While it is manifest what Erdo?an desires – to annihilate his meddling foe – Gülen’s wants are slightly harder to identify. It remains unclear if his attempts at dismantling the AKP and targeting Erdogan are motivated by the injured pride of a fallen angel or if there is a larger stratagem at play.
Scylla and Charybdis were two sea monsters – embodied as a rock shoal and whirlpool respectively – flanking a narrow strait Odysseus had to pass through.

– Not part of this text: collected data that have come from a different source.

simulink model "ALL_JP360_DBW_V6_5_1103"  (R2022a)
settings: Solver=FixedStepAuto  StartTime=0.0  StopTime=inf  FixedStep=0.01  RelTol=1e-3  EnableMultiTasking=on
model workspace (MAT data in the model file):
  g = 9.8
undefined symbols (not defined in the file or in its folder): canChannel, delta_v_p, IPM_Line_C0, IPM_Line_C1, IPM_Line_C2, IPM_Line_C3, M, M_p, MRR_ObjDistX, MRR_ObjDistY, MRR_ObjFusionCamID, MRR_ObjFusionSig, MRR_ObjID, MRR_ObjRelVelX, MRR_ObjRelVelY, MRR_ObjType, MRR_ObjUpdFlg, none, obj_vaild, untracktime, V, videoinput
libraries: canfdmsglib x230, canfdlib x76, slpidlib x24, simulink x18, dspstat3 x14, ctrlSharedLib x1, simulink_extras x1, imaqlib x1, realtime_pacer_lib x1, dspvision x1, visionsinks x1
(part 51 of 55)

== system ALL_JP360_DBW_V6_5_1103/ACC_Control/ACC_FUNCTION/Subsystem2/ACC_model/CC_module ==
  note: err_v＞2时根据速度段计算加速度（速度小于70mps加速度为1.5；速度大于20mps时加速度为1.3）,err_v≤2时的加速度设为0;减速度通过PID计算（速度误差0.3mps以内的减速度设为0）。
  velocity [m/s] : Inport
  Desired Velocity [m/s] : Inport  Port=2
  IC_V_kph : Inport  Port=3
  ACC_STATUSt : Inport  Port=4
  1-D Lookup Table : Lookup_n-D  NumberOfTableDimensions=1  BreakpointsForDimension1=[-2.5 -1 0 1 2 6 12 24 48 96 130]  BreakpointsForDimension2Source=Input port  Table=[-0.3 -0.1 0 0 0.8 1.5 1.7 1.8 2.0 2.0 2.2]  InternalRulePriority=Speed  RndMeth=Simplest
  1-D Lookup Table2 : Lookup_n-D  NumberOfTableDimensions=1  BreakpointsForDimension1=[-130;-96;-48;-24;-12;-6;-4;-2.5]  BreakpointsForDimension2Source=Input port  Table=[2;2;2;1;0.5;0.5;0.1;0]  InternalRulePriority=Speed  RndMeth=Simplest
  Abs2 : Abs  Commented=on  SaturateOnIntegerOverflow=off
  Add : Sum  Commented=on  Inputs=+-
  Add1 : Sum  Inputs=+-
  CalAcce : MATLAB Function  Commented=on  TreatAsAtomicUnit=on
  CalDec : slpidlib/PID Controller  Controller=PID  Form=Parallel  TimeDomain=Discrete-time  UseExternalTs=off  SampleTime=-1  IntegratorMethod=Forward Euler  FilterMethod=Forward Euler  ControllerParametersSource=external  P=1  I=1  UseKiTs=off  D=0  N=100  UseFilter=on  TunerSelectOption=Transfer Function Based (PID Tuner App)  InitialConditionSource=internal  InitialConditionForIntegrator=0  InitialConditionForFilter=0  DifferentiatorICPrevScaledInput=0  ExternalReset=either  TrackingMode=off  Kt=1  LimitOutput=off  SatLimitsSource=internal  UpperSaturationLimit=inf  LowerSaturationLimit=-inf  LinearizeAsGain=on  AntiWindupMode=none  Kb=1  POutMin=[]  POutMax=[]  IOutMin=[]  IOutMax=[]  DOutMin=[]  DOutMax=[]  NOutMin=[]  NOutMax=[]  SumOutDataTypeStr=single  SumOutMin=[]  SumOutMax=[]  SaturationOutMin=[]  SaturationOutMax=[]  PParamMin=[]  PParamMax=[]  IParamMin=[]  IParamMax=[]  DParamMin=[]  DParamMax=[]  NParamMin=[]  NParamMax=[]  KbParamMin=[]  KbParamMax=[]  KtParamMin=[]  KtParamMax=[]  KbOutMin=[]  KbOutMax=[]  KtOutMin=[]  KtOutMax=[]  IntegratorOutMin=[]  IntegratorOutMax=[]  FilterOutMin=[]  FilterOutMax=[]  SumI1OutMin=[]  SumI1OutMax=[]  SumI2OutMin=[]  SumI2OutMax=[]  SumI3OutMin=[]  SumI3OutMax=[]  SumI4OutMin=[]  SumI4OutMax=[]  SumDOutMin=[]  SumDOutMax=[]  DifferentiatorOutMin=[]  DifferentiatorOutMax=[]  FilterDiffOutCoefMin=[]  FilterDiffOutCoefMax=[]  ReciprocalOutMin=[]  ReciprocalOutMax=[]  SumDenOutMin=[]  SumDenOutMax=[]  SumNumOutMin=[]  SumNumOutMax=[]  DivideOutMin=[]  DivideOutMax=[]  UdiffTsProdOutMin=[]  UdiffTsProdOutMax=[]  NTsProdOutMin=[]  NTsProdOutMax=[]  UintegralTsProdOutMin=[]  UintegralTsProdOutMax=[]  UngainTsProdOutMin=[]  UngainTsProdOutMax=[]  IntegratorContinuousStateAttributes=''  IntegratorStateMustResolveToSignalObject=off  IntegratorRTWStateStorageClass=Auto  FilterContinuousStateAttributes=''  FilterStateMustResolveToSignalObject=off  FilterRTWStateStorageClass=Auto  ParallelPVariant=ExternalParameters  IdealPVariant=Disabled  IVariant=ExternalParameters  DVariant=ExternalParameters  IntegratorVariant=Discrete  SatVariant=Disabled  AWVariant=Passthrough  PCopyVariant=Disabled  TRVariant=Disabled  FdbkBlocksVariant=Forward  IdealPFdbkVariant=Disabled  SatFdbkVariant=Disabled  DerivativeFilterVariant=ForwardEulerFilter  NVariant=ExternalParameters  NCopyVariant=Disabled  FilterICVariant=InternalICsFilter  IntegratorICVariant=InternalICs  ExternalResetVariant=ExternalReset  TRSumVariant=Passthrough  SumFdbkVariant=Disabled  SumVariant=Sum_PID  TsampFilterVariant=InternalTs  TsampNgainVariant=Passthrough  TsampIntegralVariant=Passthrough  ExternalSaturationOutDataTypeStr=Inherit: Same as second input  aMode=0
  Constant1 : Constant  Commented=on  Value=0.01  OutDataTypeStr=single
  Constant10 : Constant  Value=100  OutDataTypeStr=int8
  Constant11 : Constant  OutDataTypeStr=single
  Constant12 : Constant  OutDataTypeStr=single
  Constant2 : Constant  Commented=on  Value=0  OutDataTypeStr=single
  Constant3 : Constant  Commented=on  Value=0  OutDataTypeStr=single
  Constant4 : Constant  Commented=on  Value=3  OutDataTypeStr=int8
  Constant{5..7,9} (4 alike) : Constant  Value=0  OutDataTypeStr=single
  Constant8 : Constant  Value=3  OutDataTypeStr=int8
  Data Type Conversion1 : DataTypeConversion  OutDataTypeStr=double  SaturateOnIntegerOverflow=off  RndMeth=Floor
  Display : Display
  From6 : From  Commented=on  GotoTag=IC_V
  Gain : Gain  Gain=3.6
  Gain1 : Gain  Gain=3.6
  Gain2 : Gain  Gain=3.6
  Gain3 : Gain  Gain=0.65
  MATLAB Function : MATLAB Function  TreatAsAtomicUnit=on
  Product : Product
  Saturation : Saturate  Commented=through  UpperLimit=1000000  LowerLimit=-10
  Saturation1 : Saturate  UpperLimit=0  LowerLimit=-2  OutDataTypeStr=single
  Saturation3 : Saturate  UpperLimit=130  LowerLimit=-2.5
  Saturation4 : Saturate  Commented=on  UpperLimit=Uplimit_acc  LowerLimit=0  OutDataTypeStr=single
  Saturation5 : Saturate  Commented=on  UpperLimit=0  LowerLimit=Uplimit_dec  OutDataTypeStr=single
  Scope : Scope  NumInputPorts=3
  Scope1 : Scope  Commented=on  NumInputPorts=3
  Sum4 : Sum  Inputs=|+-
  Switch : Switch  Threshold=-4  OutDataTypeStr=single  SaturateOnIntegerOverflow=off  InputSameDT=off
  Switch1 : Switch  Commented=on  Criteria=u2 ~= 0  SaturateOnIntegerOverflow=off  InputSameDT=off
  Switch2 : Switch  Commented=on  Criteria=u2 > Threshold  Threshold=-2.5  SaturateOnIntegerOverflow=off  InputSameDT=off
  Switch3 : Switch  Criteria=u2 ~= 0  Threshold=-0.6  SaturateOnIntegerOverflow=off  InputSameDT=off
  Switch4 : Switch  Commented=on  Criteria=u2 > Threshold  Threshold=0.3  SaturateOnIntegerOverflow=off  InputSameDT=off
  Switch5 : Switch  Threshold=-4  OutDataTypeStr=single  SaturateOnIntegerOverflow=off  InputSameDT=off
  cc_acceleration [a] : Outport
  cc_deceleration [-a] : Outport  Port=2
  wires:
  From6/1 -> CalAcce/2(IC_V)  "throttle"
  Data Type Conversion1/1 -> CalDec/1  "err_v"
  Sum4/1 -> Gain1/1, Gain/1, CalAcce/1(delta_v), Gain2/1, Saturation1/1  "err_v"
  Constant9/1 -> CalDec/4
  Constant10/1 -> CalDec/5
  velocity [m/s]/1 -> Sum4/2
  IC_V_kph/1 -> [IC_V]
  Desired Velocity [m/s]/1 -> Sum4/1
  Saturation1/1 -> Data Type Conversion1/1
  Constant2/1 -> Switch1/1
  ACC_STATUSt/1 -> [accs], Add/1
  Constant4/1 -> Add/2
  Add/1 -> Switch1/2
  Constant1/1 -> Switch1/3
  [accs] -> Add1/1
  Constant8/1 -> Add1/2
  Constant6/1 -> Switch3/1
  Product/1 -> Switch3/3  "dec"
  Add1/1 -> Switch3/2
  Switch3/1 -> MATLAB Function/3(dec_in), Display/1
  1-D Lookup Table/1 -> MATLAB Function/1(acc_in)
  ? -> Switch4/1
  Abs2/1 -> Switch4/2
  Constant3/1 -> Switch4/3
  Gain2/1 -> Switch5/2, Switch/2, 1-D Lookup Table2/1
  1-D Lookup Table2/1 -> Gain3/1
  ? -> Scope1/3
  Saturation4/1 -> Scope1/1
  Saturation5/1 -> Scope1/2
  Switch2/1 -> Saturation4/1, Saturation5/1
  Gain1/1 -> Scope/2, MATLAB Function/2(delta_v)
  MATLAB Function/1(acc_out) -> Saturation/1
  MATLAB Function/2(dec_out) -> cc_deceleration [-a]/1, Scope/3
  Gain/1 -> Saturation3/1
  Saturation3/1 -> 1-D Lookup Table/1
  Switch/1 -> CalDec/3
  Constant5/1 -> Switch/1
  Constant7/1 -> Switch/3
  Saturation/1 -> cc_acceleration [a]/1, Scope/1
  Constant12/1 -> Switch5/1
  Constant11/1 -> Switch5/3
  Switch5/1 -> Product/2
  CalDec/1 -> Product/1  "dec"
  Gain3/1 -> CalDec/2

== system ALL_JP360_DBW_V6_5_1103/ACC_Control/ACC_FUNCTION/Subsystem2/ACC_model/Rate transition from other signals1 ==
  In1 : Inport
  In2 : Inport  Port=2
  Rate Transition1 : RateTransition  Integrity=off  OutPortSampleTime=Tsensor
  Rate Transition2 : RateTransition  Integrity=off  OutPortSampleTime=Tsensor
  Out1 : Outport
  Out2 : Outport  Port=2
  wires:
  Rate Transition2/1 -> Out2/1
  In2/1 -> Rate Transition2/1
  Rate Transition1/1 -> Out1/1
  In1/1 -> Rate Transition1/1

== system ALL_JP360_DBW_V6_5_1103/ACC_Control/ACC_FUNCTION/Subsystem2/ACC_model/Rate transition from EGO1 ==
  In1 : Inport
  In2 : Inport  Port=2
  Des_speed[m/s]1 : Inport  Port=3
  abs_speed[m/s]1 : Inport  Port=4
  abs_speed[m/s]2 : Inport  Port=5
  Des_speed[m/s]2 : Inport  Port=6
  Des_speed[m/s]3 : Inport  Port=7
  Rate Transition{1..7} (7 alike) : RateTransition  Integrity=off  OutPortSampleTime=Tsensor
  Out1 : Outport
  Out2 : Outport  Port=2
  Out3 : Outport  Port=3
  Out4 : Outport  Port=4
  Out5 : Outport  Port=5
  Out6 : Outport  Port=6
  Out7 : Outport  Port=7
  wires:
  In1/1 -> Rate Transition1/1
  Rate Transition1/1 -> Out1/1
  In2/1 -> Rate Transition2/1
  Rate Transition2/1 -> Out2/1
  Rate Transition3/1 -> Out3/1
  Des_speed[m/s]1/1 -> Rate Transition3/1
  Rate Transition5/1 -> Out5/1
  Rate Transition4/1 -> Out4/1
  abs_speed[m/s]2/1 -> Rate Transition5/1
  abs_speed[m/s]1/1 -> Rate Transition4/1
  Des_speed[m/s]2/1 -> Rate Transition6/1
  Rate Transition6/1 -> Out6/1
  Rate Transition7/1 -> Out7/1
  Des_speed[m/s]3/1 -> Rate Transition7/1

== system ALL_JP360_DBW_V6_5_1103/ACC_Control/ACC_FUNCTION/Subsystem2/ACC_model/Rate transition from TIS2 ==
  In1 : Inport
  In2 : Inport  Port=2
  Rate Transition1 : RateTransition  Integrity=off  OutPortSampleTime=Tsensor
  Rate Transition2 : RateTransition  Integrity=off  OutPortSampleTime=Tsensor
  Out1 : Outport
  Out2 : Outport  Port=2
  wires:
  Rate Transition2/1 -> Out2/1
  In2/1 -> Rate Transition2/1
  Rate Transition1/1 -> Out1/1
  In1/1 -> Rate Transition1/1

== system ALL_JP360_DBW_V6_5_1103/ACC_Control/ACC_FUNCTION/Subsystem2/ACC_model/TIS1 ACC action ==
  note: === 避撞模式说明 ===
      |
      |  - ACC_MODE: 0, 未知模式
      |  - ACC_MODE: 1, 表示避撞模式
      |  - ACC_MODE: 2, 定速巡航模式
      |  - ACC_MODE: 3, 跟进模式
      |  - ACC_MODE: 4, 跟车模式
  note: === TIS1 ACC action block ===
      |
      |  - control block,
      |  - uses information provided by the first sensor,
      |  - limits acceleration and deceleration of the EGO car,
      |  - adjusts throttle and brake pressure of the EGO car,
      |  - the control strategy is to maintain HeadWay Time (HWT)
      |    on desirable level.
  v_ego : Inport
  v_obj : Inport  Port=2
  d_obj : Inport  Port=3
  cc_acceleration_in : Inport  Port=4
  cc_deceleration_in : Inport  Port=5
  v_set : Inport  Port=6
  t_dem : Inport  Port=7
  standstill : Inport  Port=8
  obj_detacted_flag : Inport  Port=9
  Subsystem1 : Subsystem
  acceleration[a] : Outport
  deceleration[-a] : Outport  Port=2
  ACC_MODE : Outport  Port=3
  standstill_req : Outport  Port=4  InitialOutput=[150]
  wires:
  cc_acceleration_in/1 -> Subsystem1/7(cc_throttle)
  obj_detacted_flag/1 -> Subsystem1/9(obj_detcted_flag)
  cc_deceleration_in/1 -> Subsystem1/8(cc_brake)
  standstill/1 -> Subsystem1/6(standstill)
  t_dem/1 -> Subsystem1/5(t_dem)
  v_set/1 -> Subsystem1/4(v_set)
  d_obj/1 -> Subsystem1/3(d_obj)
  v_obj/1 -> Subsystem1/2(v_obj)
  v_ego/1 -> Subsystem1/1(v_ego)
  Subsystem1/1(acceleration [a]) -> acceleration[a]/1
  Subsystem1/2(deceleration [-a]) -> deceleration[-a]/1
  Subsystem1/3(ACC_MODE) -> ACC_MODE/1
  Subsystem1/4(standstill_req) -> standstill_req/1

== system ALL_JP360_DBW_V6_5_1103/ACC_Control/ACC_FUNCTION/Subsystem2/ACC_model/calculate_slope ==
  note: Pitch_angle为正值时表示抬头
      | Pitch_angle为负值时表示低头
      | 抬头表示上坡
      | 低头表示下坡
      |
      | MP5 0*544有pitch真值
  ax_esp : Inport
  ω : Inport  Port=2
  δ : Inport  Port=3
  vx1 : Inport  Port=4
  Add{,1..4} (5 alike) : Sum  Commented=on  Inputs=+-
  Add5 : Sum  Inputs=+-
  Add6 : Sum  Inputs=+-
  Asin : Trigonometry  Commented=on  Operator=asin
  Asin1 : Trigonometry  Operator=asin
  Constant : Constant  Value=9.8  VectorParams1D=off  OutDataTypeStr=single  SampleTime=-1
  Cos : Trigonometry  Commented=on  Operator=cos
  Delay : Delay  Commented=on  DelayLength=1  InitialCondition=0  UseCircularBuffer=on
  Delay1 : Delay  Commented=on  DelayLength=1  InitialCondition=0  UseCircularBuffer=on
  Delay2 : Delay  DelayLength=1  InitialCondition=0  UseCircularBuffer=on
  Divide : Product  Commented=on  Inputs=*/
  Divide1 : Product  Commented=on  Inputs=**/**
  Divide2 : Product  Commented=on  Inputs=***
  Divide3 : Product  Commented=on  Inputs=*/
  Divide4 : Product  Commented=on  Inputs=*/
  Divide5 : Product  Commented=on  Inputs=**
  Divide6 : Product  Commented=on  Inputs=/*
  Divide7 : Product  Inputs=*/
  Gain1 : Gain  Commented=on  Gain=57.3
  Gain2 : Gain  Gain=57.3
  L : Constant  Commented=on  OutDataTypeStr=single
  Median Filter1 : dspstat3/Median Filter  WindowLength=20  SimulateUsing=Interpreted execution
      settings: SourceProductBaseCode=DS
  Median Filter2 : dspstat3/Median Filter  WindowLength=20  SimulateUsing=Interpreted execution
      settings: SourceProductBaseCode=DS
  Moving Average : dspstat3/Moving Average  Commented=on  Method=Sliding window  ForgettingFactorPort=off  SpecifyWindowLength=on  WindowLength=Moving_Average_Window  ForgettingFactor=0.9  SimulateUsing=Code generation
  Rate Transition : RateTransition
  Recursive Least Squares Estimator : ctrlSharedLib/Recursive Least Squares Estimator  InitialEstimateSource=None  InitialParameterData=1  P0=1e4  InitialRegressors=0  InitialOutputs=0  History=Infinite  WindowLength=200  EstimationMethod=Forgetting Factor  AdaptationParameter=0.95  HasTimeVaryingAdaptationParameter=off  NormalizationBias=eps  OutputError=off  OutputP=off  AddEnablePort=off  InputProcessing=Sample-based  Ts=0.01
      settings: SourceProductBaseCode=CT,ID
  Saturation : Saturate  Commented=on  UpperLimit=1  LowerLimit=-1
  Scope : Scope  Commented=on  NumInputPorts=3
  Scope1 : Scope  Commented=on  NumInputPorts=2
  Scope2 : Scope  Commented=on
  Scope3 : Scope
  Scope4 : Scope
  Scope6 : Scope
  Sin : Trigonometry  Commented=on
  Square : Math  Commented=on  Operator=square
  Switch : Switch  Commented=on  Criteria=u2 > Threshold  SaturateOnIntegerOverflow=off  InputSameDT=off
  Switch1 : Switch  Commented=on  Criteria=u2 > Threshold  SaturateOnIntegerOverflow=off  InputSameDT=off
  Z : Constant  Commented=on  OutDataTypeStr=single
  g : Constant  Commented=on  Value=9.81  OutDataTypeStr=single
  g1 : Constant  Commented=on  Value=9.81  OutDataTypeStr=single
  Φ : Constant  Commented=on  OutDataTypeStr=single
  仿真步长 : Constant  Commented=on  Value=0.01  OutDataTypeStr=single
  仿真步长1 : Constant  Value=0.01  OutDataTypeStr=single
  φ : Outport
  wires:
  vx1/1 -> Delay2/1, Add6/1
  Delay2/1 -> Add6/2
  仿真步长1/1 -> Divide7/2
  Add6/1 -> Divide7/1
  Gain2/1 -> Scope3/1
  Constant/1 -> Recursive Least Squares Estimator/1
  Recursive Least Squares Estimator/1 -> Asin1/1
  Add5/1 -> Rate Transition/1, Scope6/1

With Erodogan’s intensifying autocracy and extreme, irrational paranoia (his chief adviser, Yigit Bulut, accused malevolent foreigners of trying to kill the PM by way of telekinesis) and Gülen’s impressive capacity for remote political machinations, it would seem Turkey’s future is caught somewhere in the metaphor. What remains to be seen is whether pluralism and democracy, in their truest sense, make it through this strait, or if they fall victim to Turkey’s two sea monsters on either flank of power.